The aux tables can be combined but I do not like doing that because:
1) it makes reading what you did more difficult
2) it make debugging more difficult
As I indicated you can hide the aux tables so you won't see them.

Jerrold Green1 May 8, 2012 5:59 PM
Re: Advanced Math (Matrix * Vector) in response to Wayne ContelloMV,
The free LibreOffice will probably do what you need with no sleight of hand and you can copy the results into a Numbers document if Numbers has other features you wish to retain.
Jerry

MVittiS May 8, 2012 6:01 PM
Re: Advanced Math (Matrix * Vector) in response to Wayne ContelloOk. Let A[10] be a Vector, and B[10,10] a Matrix. B*A=C, wich is a Vector of type C[10]. So (in [Column, Line] notation) :
C[0]=A[0]*B[0,0]+A[1]*B[1,0]+A[2]*B[2,0] (...) A[9]*B[9,0]
C[1]=A[0]*B[0,1]+A[1]*B[1,1]+A[2]*B[2,1] (...) A[9]*B[9,1]
(...)
C[9]=A[0]*B[0,9]+A[1]*B[1,9]+A[2]*B[2,9] (...) A[9]*B[9,9]
That's exactly the operation I'm trying to accomplish; a classical, mathematically defined, Vector * Matrix operation, wich results into a Vector of size equal to the Matrix's height and can only be made if the Vector's size and the Matrix's width are equal.

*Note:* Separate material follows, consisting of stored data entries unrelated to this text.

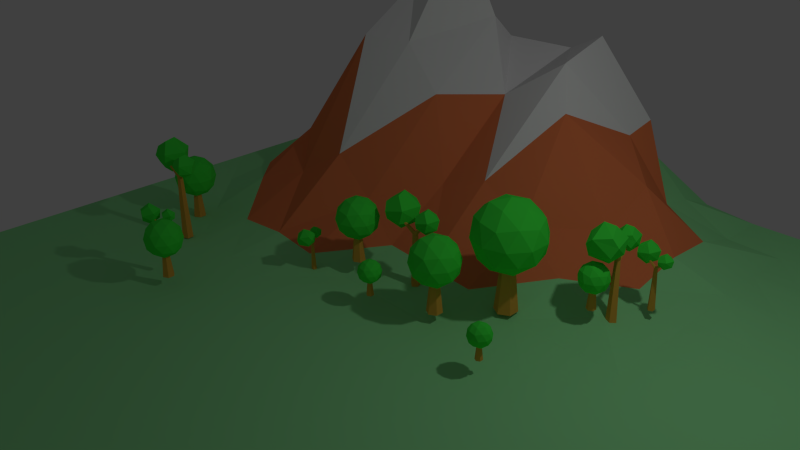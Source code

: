 # Source: Montain_and_Trees.blend  (saved by Blender 2.76.0; exported with 4.5.12 LTS)
import bpy
from mathutils import Matrix  # noqa: F401  (used for matrix-valued properties, if any)

bpy.ops.wm.read_factory_settings(use_empty=True)
scene = bpy.context.scene
scene.name = 'Scene'

# ---- collections
col_collection_1 = bpy.data.collections.new('Collection 1'); scene.collection.children.link(col_collection_1)
col_collection_5 = bpy.data.collections.new('Collection 5'); scene.collection.children.link(col_collection_5)

# ---- materials (node trees are filled in below, after node groups)
mat_ground = bpy.data.materials.new('Ground')
mat_ground.alpha_threshold = 0.0
mat_ground.use_transparent_shadow = False
mat_ground.diffuse_color = (0.293, 0.8, 0.3311, 1.0)
mat_ground.roughness = 0.5
mat_ground.specular_intensity = 0.0
mat_mountain = bpy.data.materials.new('Mountain')
mat_mountain.alpha_threshold = 0.0
mat_mountain.use_transparent_shadow = False
mat_mountain.diffuse_color = (0.8, 0.2088, 0.07643, 1.0)
mat_mountain.roughness = 0.5
mat_mountain.specular_intensity = 0.0
mat_snow = bpy.data.materials.new('Snow')
mat_snow.alpha_threshold = 0.0
mat_snow.use_transparent_shadow = False
mat_snow.roughness = 0.5
mat_snow.specular_intensity = 0.0
mat_browntrunk = bpy.data.materials.new('BrownTrunk')
mat_browntrunk.alpha_threshold = 0.0
mat_browntrunk.use_transparent_shadow = False
mat_browntrunk.diffuse_color = (0.8, 0.3827, 0.06492, 1.0)
mat_browntrunk.roughness = 0.5
mat_browntrunk.specular_intensity = 0.0
mat_greenleaves = bpy.data.materials.new('GreenLeaves')
mat_greenleaves.alpha_threshold = 0.0
mat_greenleaves.use_transparent_shadow = False
mat_greenleaves.diffuse_color = (0.05313, 0.8, 0.05924, 1.0)
mat_greenleaves.roughness = 0.5
mat_greenleaves.specular_intensity = 0.0

# ---- material node trees

# ---- world
world_world = bpy.data.worlds.new('World'); scene.world = world_world
world_world.color = (0.05088, 0.05088, 0.05088)
world_world.use_sun_shadow = False
world_world.sun_shadow_jitter_overblur = 0.0
world_world.cycles.sampling_method = 'MANUAL'
world_world.cycles.sample_map_resolution = 256

# ---- cameras
cam_camera = bpy.data.cameras.new('Camera')
cam_camera.clip_end = 100.0
cam_camera.lens = 35.0
cam_camera.sensor_width = 32.0
cam_camera.sensor_height = 18.0
cam_camera.ortho_scale = 7.314
cam_camera.dof.focus_distance = 0.0
cam_camera.dof.aperture_fstop = 128.0

# ---- lights
light_lamp = bpy.data.lights.new('Lamp', 'POINT')
light_lamp.transmission_factor = 0.0
light_lamp.cutoff_distance = 30.0
light_lamp.energy = 100.0
light_lamp.shadow_buffer_clip_start = 1.001
light_lamp.shadow_soft_size = 0.1
light_lamp.shadow_maximum_resolution = 0.006
light_lamp.use_absolute_resolution = True
light_lamp.cycles.use_multiple_importance_sampling = False

# ---- meshes
me_plane = bpy.data.meshes.new('Plane')
me_plane.from_pydata([(-5.898, -5.898, 0.0), (5.898, -5.898, 0.0), (-5.898, 5.898, 0.0), (5.898, 5.898, 0.0), (-5.898, 0.0, 0.0), (0.0, -5.898, 0.0), (5.898, 0.0, 0.0), (0.004398, 5.931, 0.1093), (0.0, 0.0, 0.0), (-5.898, -2.949, 0.0), (2.949, -5.898, 0.0), (5.898, 2.949, 0.0), (-2.949, 5.898, 0.03155), (-5.898, 2.949, 0.0), (-2.949, -5.898, 0.0), (5.898, -2.949, 0.0), (2.949, 5.898, 0.0), (-0.3422, 3.714, 1.747), (0.0, -2.949, 0.0), (-2.949, 0.0, 0.0), (2.949, 0.0, 0.0), (2.949, -2.949, 0.0), (-2.949, -2.949, 0.0), (-2.708, 4.182, 3.866), (2.949, 2.949, 0.0), (-5.898, -4.424, 0.0), (4.424, -5.898, 0.0), (5.898, 4.424, 0.0), (-4.424, 5.898, 0.0), (-5.898, 1.475, 0.0), (-1.475, -5.898, 0.0), (5.898, -1.475, 0.0), (1.475, 5.898, 0.0), (0.0638, 5.177, 1.397), (0.0, -1.475, 0.0), (-4.424, 0.0, 0.0), (1.475, 0.0, 0.0), (-5.898, -1.475, 0.0), (1.475, -5.898, 0.0), (5.898, 1.475, 0.0), (-1.435, 5.973, 0.2699), (-5.898, 4.424, 0.0), (-4.424, -5.898, 0.0), (5.898, -4.424, 0.0), (4.424, 5.898, 0.0), (0.003143, 1.506, 0.1136), (0.0, -4.424, 0.0), (-1.475, 0.0, 0.0), (4.424, 0.0, 0.0), (2.949, -1.475, 0.0), (2.949, -4.424, 0.0), (1.475, -2.949, 0.0), (4.424, -2.949, 0.0), (-2.949, -1.475, 0.0), (-2.949, -4.424, 0.0), (-4.424, -2.949, 0.0), (-1.475, -2.949, 0.0), (-2.794, 5.023, 1.839), (-2.905, 1.917, 0.9603), (-4.379, 3.387, 0.9805), (-1.395, 3.715, 1.775), (2.949, 4.424, 0.0), (2.949, 1.475, 0.0), (1.467, 2.98, 0.1285), (4.424, 2.949, 0.0), (4.424, 1.475, 0.0), (1.475, 1.475, 0.0), (1.469, 4.455, 0.2412), (-1.464, 1.585, 0.1476), (-4.413, 1.585, 0.2307), (-4.413, 4.534, 0.2763), (-1.475, -4.424, 0.0), (-4.424, -4.424, 0.0), (-4.424, -1.475, 0.0), (4.424, -4.424, 0.0), (1.475, -4.424, 0.0), (1.475, -1.475, 0.0), (4.424, -1.475, 0.0), (-1.475, -1.475, 0.0), (-1.31, 5.313, 1.771), (4.424, 4.424, 0.0), (-5.898, -5.161, 0.0), (5.161, -5.898, 0.0), (5.898, 5.161, 0.0), (-5.161, 5.898, 0.0), (-5.898, 0.7373, 0.0), (-0.7373, -5.898, 0.0), (5.898, -0.7373, 0.0), (0.7373, 5.898, 0.06327), (0.006802, 5.543, 0.7339), (0.0, -0.7373, 0.0), (-5.161, 0.0, 0.0), (0.7373, 0.0, 0.0), (-5.898, -2.212, 0.0), (2.212, -5.898, 0.0), (5.898, 2.212, 0.0), (-2.193, 5.92, 0.09017), (-5.898, 3.686, 0.0), (-3.686, -5.898, 0.0), (5.898, -3.686, 0.0), (3.686, 5.898, 0.0), (-0.02571, 2.543, 0.6165), (0.0, -3.686, 0.0), (-2.212, 0.0, 0.0), (3.686, 0.0, 0.0), (2.949, -0.7373, 0.0), (2.949, -3.686, 0.0), (0.7373, -2.949, 0.0), (3.686, -2.949, 0.0), (-2.949, -0.7373, 0.0), (-2.949, -3.686, 0.0), (-5.161, -2.949, 0.0), (-2.212, -2.949, 0.0), (-2.929, 5.242, 0.4694), (-2.748, 3.152, 2.368), (-5.154, 3.014, 0.1631), (-1.975, 4.117, 2.713), (2.949, 5.161, 0.0), (2.949, 2.212, 0.0), (0.7514, 3.281, 0.5553), (3.686, 2.949, 0.0), (-5.898, -3.686, 0.0), (3.686, -5.898, 0.0), (5.898, 3.686, 0.0), (-3.686, 5.898, 0.004653), (-5.898, 2.212, 0.0), (-2.212, -5.898, 0.0), (5.898, -2.212, 0.0), (2.212, 5.898, 0.0), (0.09435, 4.623, 1.32), (0.0, -2.212, 0.0), (-3.686, 0.0, 0.0), (2.212, 0.0, 0.0), (-5.898, -0.7373, 0.0), (0.7373, -5.898, 0.0), (5.898, 0.7373, 0.0), (-0.7268, 5.967, 0.1685), (-5.898, 5.161, 0.0), (-5.161, -5.898, 0.0), (5.898, -5.161, 0.0), (5.161, 5.898, 0.0), (0.0, 0.7373, 0.0), (0.0, -5.161, 0.0), (-0.7373, 0.0, 0.0), (5.161, 0.0, 0.0), (2.949, -2.212, 0.0), (2.949, -5.161, 0.0), (2.212, -2.949, 0.0), (5.161, -2.949, 0.0), (-2.949, -2.212, 0.0), (-2.949, -5.161, 0.0), (-3.686, -2.949, 0.0), (-0.7373, -2.949, 0.0), (-2.679, 4.582, 2.78), (-2.943, 0.8019, 0.08639), (-3.287, 3.815, 3.071), (-0.6251, 4.017, 2.312), (2.949, 3.686, 0.0), (2.949, 0.7373, 0.0), (2.212, 2.949, 0.02661), (5.161, 2.949, 0.0), (4.424, 2.212, 0.0), (4.424, 0.7373, 0.0), (3.686, 1.475, 0.0), (5.161, 1.475, 0.0), (1.475, 2.212, 0.08497), (1.475, 0.7373, 0.0), (0.7373, 1.475, 0.02315), (2.212, 1.475, 0.0), (1.475, 5.161, 0.02332), (1.462, 3.75, 0.2735), (0.7149, 4.758, 0.4386), (2.212, 4.424, 0.03291), (-1.469, 2.575, 0.752), (-1.475, 0.7373, 0.0), (-2.179, 1.807, 0.5205), (-0.7308, 1.539, 0.1363), (-4.39, 2.544, 0.8015), (-4.424, 0.7373, 0.0), (-5.161, 1.475, 0.0), (-3.653, 1.807, 0.4961), (-4.424, 5.161, 0.01628), (-4.383, 4.016, 0.9169), (-5.161, 4.424, 0.0), (-3.606, 4.789, 1.277), (-1.475, -3.686, 0.0), (-1.475, -5.161, 0.0), (-2.212, -4.424, 0.0), (-0.7373, -4.424, 0.0), (-4.424, -3.686, 0.0), (-4.424, -5.161, 0.0), (-5.161, -4.424, 0.0), (-3.686, -4.424, 0.0), (-4.424, -0.7373, 0.0), (-4.424, -2.212, 0.0), (-5.161, -1.475, 0.0), (-3.686, -1.475, 0.0), (4.424, -3.686, 0.0), (4.424, -5.161, 0.0), (3.686, -4.424, 0.0), (5.161, -4.424, 0.0), (1.475, -3.686, 0.0), (1.475, -5.161, 0.0), (0.7373, -4.424, 0.0), (2.212, -4.424, 0.0), (1.475, -0.7373, 0.0), (1.475, -2.212, 0.0), (0.7373, -1.475, 0.0), (2.212, -1.475, 0.0), (4.424, -0.7373, 0.0), (4.424, -2.212, 0.0), (3.686, -1.475, 0.0), (5.161, -1.475, 0.0), (-1.475, -0.7373, 0.0), (-1.475, -2.212, 0.0), (-2.212, -1.475, 0.0), (-0.7373, -1.475, 0.0), (-1.393, 5.551, 0.681), (-1.187, 4.891, 2.253), (-2.154, 4.785, 1.166), (-0.5828, 5.492, 1.615), (4.424, 5.161, 0.0), (4.424, 3.686, 0.0), (3.686, 4.424, 0.0), (5.161, 4.424, 0.0), (5.161, 3.686, 0.0), (3.686, 3.686, 0.0), (3.686, 5.161, 0.0), (-0.7034, 4.938, 2.501), (-2.067, 4.605, 2.325), (-2.185, 5.3, 0.4809), (-0.7373, -2.212, 0.0), (-2.212, -2.212, 0.0), (-2.212, -0.7373, 0.0), (5.161, -2.212, 0.0), (3.686, -2.212, 0.0), (3.686, -0.7373, 0.0), (2.212, -2.212, 0.0), (0.7373, -2.212, 0.0), (0.7373, -0.7373, 0.0), (2.212, -5.161, 0.0), (0.7373, -5.161, 0.0), (0.7373, -3.686, 0.0), (5.161, -5.161, 0.0), (3.686, -5.161, 0.0), (3.686, -3.686, 0.0), (-3.686, -2.212, 0.0), (-5.161, -2.212, 0.0), (-5.161, -0.7373, 0.0), (-3.686, -5.161, 0.0), (-5.161, -5.161, 0.0), (-5.161, -3.686, 0.0), (-0.7373, -5.161, 0.0), (-2.212, -5.161, 0.0), (-2.212, -3.686, 0.0), (-3.476, 4.434, 2.11), (-5.158, 3.718, 0.08134), (-5.161, 5.161, 0.0), (-3.683, 0.7688, 0.04214), (-5.161, 0.7373, 0.0), (-5.158, 2.243, 0.07719), (-0.7373, 0.7373, 0.0), (-2.209, 0.7688, 0.04214), (-2.096, 3.05, 1.768), (2.212, 3.686, 0.07361), (0.7308, 4.132, 0.9039), (0.7092, 5.27, 0.3433), (2.212, 0.7373, 0.0), (0.7373, 0.7373, 0.0), (0.7366, 2.322, 0.2444), (5.161, 0.7373, 0.0), (3.686, 0.7373, 0.0), (3.686, 2.212, 0.0), (5.161, 2.212, 0.0), (2.212, 2.212, 0.0), (2.212, 5.161, 0.0), (-0.7963, 2.659, 0.9621), (-3.462, 2.96, 2.395), (-3.683, 5.193, 0.2545), (-0.7373, -3.686, 0.0), (-3.686, -3.686, 0.0), (-3.686, -0.7373, 0.0), (5.161, -3.686, 0.0), (2.212, -3.686, 0.0), (2.212, -0.7373, 0.0), (5.161, -0.7373, 0.0), (-0.7373, -0.7373, 0.0), (-0.6623, 5.686, 0.902), (5.161, 5.161, 0.0)], [], [(83, 3, 140), (287, 89, 7), (90, 8, 143), (87, 6, 144), (105, 20, 132), (106, 21, 147), (99, 15, 148), (109, 19, 131), (110, 22, 151), (102, 18, 152), (278, 113, 12), (114, 23, 155), (276, 101, 17), (117, 16, 128), (118, 24, 159), (95, 11, 160), (161, 64, 120), (162, 65, 163), (135, 39, 164), (269, 165, 63), (166, 66, 167), (158, 62, 168), (266, 169, 32), (265, 170, 67), (157, 61, 172), (263, 173, 60), (262, 174, 68), (261, 141, 45), (177, 59, 115), (178, 69, 179), (154, 58, 180), (257, 181, 28), (256, 182, 70), (255, 153, 57), (185, 56, 112), (186, 71, 187), (142, 46, 188), (189, 55, 111), (190, 72, 191), (150, 54, 192), (193, 35, 91), (194, 73, 195), (149, 53, 196), (197, 52, 108), (198, 74, 199), (139, 43, 200), (201, 51, 107), (202, 75, 203), (146, 50, 204), (205, 36, 92), (206, 76, 207), (145, 49, 208), (209, 48, 104), (210, 77, 211), (127, 31, 212), (213, 47, 103), (214, 78, 215), (130, 34, 216), (217, 40, 96), (218, 79, 219), (228, 129, 33), (221, 44, 100), (222, 80, 223), (123, 27, 224), (225, 224, 80), (160, 225, 222), (11, 123, 225), (226, 223, 61), (120, 226, 157), (64, 222, 226), (227, 100, 16), (223, 227, 117), (80, 221, 227), (228, 220, 79), (156, 228, 218), (156, 17, 129), (229, 219, 57), (116, 229, 153), (60, 218, 229), (230, 96, 12), (219, 230, 113), (79, 217, 230), (231, 216, 78), (152, 231, 214), (18, 130, 231), (232, 215, 53), (112, 232, 149), (56, 214, 232), (233, 103, 19), (215, 233, 109), (78, 213, 233), (234, 212, 77), (148, 234, 210), (15, 127, 234), (235, 211, 49), (108, 235, 145), (52, 210, 235), (236, 104, 20), (211, 236, 105), (77, 209, 236), (237, 208, 76), (147, 237, 206), (21, 145, 237), (238, 207, 34), (107, 238, 130), (51, 206, 238), (239, 92, 8), (207, 239, 90), (76, 205, 239), (240, 204, 75), (94, 240, 202), (10, 146, 240), (241, 203, 46), (134, 241, 142), (38, 202, 241), (242, 107, 18), (203, 242, 102), (75, 201, 242), (243, 200, 74), (82, 243, 198), (1, 139, 243), (244, 199, 50), (122, 244, 146), (26, 198, 244), (245, 108, 21), (199, 245, 106), (74, 197, 245), (246, 196, 73), (151, 246, 194), (22, 149, 246), (247, 195, 37), (111, 247, 93), (55, 194, 247), (248, 91, 4), (195, 248, 133), (73, 193, 248), (249, 192, 72), (98, 249, 190), (14, 150, 249), (250, 191, 25), (138, 250, 81), (42, 190, 250), (251, 111, 9), (191, 251, 121), (72, 189, 251), (252, 188, 71), (86, 252, 186), (5, 142, 252), (253, 187, 54), (126, 253, 150), (30, 186, 253), (254, 112, 22), (187, 254, 110), (71, 185, 254), (182, 255, 184), (59, 155, 255), (155, 23, 153), (256, 183, 41), (115, 256, 97), (59, 182, 256), (257, 84, 2), (183, 257, 137), (70, 181, 257), (258, 180, 69), (131, 258, 178), (19, 154, 258), (259, 179, 29), (91, 259, 85), (35, 178, 259), (260, 115, 13), (179, 260, 125), (69, 177, 260), (174, 261, 176), (143, 261, 174), (8, 141, 261), (154, 262, 175), (19, 103, 262), (103, 47, 174), (114, 263, 116), (58, 175, 263), (175, 68, 173), (170, 264, 172), (63, 159, 264), (24, 157, 264), (129, 265, 171), (17, 119, 265), (119, 63, 170), (89, 266, 88), (171, 266, 89), (171, 67, 169), (267, 168, 66), (132, 267, 166), (20, 158, 267), (141, 268, 167), (92, 268, 141), (36, 166, 268), (101, 269, 119), (45, 167, 269), (167, 66, 165), (270, 164, 65), (144, 270, 162), (6, 135, 270), (271, 163, 62), (104, 271, 158), (48, 162, 271), (272, 120, 24), (163, 272, 118), (65, 161, 272), (273, 160, 64), (164, 273, 161), (39, 95, 273), (165, 274, 159), (168, 274, 165), (62, 118, 274), (275, 128, 32), (67, 172, 275), (61, 117, 275), (276, 156, 60), (176, 276, 173), (176, 45, 101), (277, 155, 59), (180, 277, 177), (58, 114, 277), (181, 278, 124), (70, 184, 278), (184, 57, 113), (279, 152, 56), (188, 279, 185), (46, 102, 279), (280, 151, 55), (192, 280, 189), (54, 110, 280), (281, 131, 35), (196, 281, 193), (53, 109, 281), (282, 148, 52), (200, 282, 197), (43, 99, 282), (283, 147, 51), (204, 283, 201), (50, 106, 283), (284, 132, 36), (208, 284, 205), (49, 105, 284), (285, 144, 48), (212, 285, 209), (31, 87, 285), (286, 143, 47), (216, 286, 213), (34, 90, 286), (217, 287, 136), (79, 220, 287), (33, 89, 287), (288, 140, 44), (224, 288, 221), (27, 83, 288), (288, 83, 140), (136, 287, 7), (286, 90, 143), (285, 87, 144), (284, 105, 132), (283, 106, 147), (282, 99, 148), (281, 109, 131), (280, 110, 151), (279, 102, 152), (124, 278, 12), (277, 114, 155), (156, 276, 17), (275, 117, 128), (274, 118, 159), (273, 95, 160), (272, 161, 120), (271, 162, 163), (270, 135, 164), (119, 269, 63), (268, 166, 167), (267, 158, 168), (88, 266, 32), (171, 265, 67), (264, 157, 172), (116, 263, 60), (175, 262, 68), (176, 261, 45), (260, 177, 115), (259, 178, 179), (258, 154, 180), (84, 257, 28), (183, 256, 70), (184, 255, 57), (254, 185, 112), (253, 186, 187), (252, 142, 188), (251, 189, 111), (250, 190, 191), (249, 150, 192), (248, 193, 91), (247, 194, 195), (246, 149, 196), (245, 197, 108), (244, 198, 199), (243, 139, 200), (242, 201, 107), (241, 202, 203), (240, 146, 204), (239, 205, 92), (238, 206, 207), (237, 145, 208), (236, 209, 104), (235, 210, 211), (234, 127, 212), (233, 213, 103), (232, 214, 215), (231, 130, 216), (230, 217, 96), (229, 218, 219), (220, 228, 33), (227, 221, 100), (226, 222, 223), (225, 123, 224), (222, 225, 80), (64, 160, 222), (160, 11, 225), (157, 226, 61), (24, 120, 157), (120, 64, 226), (117, 227, 16), (61, 223, 117), (223, 80, 227), (218, 228, 79), (60, 156, 218), (228, 156, 129), (153, 229, 57), (23, 116, 153), (116, 60, 229), (113, 230, 12), (57, 219, 113), (219, 79, 230), (214, 231, 78), (56, 152, 214), (152, 18, 231), (149, 232, 53), (22, 112, 149), (112, 56, 232), (109, 233, 19), (53, 215, 109), (215, 78, 233), (210, 234, 77), (52, 148, 210), (148, 15, 234), (145, 235, 49), (21, 108, 145), (108, 52, 235), (105, 236, 20), (49, 211, 105), (211, 77, 236), (206, 237, 76), (51, 147, 206), (147, 21, 237), (130, 238, 34), (18, 107, 130), (107, 51, 238), (90, 239, 8), (34, 207, 90), (207, 76, 239), (202, 240, 75), (38, 94, 202), (94, 10, 240), (142, 241, 46), (5, 134, 142), (134, 38, 241), (102, 242, 18), (46, 203, 102), (203, 75, 242), (198, 243, 74), (26, 82, 198), (82, 1, 243), (146, 244, 50), (10, 122, 146), (122, 26, 244), (106, 245, 21), (50, 199, 106), (199, 74, 245), (194, 246, 73), (55, 151, 194), (151, 22, 246), (93, 247, 37), (9, 111, 93), (111, 55, 247), (133, 248, 4), (37, 195, 133), (195, 73, 248), (190, 249, 72), (42, 98, 190), (98, 14, 249), (81, 250, 25), (0, 138, 81), (138, 42, 250), (121, 251, 9), (25, 191, 121), (191, 72, 251), (186, 252, 71), (30, 86, 186), (86, 5, 252), (150, 253, 54), (14, 126, 150), (126, 30, 253), (110, 254, 22), (54, 187, 110), (187, 71, 254), (70, 182, 184), (182, 59, 255), (255, 155, 153), (97, 256, 41), (13, 115, 97), (115, 59, 256), (137, 257, 2), (41, 183, 137), (183, 70, 257), (178, 258, 69), (35, 131, 178), (131, 19, 258), (85, 259, 29), (4, 91, 85), (91, 35, 259), (125, 260, 13), (29, 179, 125), (179, 69, 260), (68, 174, 176), (47, 143, 174), (143, 8, 261), (58, 154, 175), (154, 19, 262), (262, 103, 174), (23, 114, 116), (114, 58, 263), (263, 175, 173), (67, 170, 172), (170, 63, 264), (159, 24, 264), (33, 129, 171), (129, 17, 265), (265, 119, 170), (7, 89, 88), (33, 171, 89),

MVittiS May 8, 2012 6:18 PM
Re: Advanced Math (Matrix * Vector) in response to MVittiSGotta try LibreOffice Spreadsheets later. I didn't knew I could copy data without having to save a .csv file for exchanging values between them. That sure is handy.
As for now, I've (mostly) solved my problem by making a separate "scratch" table on which I can copy all the lines of the matrix, interleaved with the Vector's values, and obtain the results on a separate column nearby. The problem is that I cannot copy the data without Numbers trying to copy the formula too; I just want the values!
Currently I'm retyping the results onto the definite result table.
Everyone, thanks for the help.

Wayne Contello May 8, 2012 7:33 PM
Re: Advanced Math (Matrix * Vector) in response to MVittiSyou can paste values only by using the menu item "Edit > Paste Values"

Wayne Contello May 8, 2012 7:43 PM
Re: Advanced Math (Matrix * Vector) in response to Wayne ContelloSo based on your input I think you want something like this:
the only difference is that the last table "Result" is now a single column with the formulas:
A1=SUM(Result Transposed :: A1:J1)
select A1 and fill down
you can make the final solution look like this by:
1) disabling the table name
2) sliding the aux tables under the table "Vector 2"

MVittiS May 8, 2012 7:49 PM
Re: Advanced Math (Matrix * Vector) in response to Wayne ContelloExactly what I described some messages ago. The only downside is having to use the transposed table (or transposed Vector (1), if that would eliminate the need for the Matrix transposing). If no matrix operations are supplied with Numbers, then I guess your method is the one who comes the closest.